Soul survivor

Making room for spirituality


“There’s a blue aura around your heart – actually royal blue. That’s beautiful, but there are red sparks coming out of it.” That, according to clairvoyant/healer/empath Homer Mann, is not such a good thing.

“Let’s talk about some of your anger towards certain males in your life.” After informing him that we could be here all day if we go down that road, he decides to concentrate on my “programming” or relationship patterns. A few minutes and a few insights later, I say to myself, “Hey, this guy’s actually pretty good.”

I’m at the Q-Age: Queer Spiritual Network Psychic Fair at the old Quaker Meeting Hall of the National Ballet School. Q-Age, according to its mission statement, tries to provide “a respectful, safe and friendly setting for queer (positive) individuals to network and exchange spiritual ideas.” Members give and attend lectures on everything from Buddhism to native spirituality. There is no particular agenda, no charismatic leader and no creed that members must follow.

But why queer spirituality? A soul is a soul is a soul. So does it matter whether you talk about it with straights or other queers?

Membership manager Paul Moriarty seems to think so. “Mainstream religions already have something in place in the queer community (like Keshet Shalom for Jews and MCC for Christians). But there is no queer new age network in place.”

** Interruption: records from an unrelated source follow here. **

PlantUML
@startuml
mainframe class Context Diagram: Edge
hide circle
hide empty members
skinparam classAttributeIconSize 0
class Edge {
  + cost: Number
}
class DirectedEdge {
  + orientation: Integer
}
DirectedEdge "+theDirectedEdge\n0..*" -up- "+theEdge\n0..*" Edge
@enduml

An astrologer who has also been given readings by many other psychics, Moriarty adds, “When you get a reading from a straight psychic, there are different cultural assumptions, especially regarding romance. When I read for straights [women], they share intimate details. I’m not judgemental.”

When Moriarty first joined Q-Age, he expected some polarisation according to gender: “I anticipated a goddess focus from the women. But there was an even interest from both fags and dykes.”

Q-Age founder Ralph Hamelmann is a second generation psychic (his mother, Sylvia Hynes, is quite famous in Newfoundland). Feeling the need to be involved in the gay community, Hamelmann wasn’t attracted to activism per se. “I was in a spiritual place in life. But everything was Christian. I wanted something queer. I’ve been to other spiritual groups that followed a dogma. I told myself I have to do this. This group comes from a different place than most groups. They’ve used spirituality as a way of working through their baggage, not as an escape.”

The proof, they say, is in the pudding. With long, black hair and super-pale skin, Jillian Stelling is the embodiment of Goth chic. She also regularly attends psychic fairs, “like the big one at the exhibition.”

Asking her for a comparison between this fair and others, she is quick to exclaim, “What a difference! This feels like a bunch of friends getting together.”

 

Straight-identified herself, she says, “A lot of gay people are intuitive and sensitive. They pick up on options. When you go to straight psychics and ask a romance question, they always assume it’s heterosexual.”

Today, Stelling has solicited the services of Roseina, who communicates with spirits using tarot, numerology and astrology. And she couldn’t be happier with her reading: “She came up with names and everything. She was very, very accurate.”

And Stelling was comfortable. “Gay people are more accepting of people who are different because they are different themselves.”

With the psychics donating all monies from the fair to Q-Age’s maintenance, there isn’t the same anxious hustling edge I’ve felt at other fairs. As well, unlike similar events I’ve attended, there are no psychic Liberace types in flowing capes who claim to be visitors from other galaxies. In fact, the atmosphere is quietly upbeat – more Quaker than quack.

Now if I can only get my red sparks under control.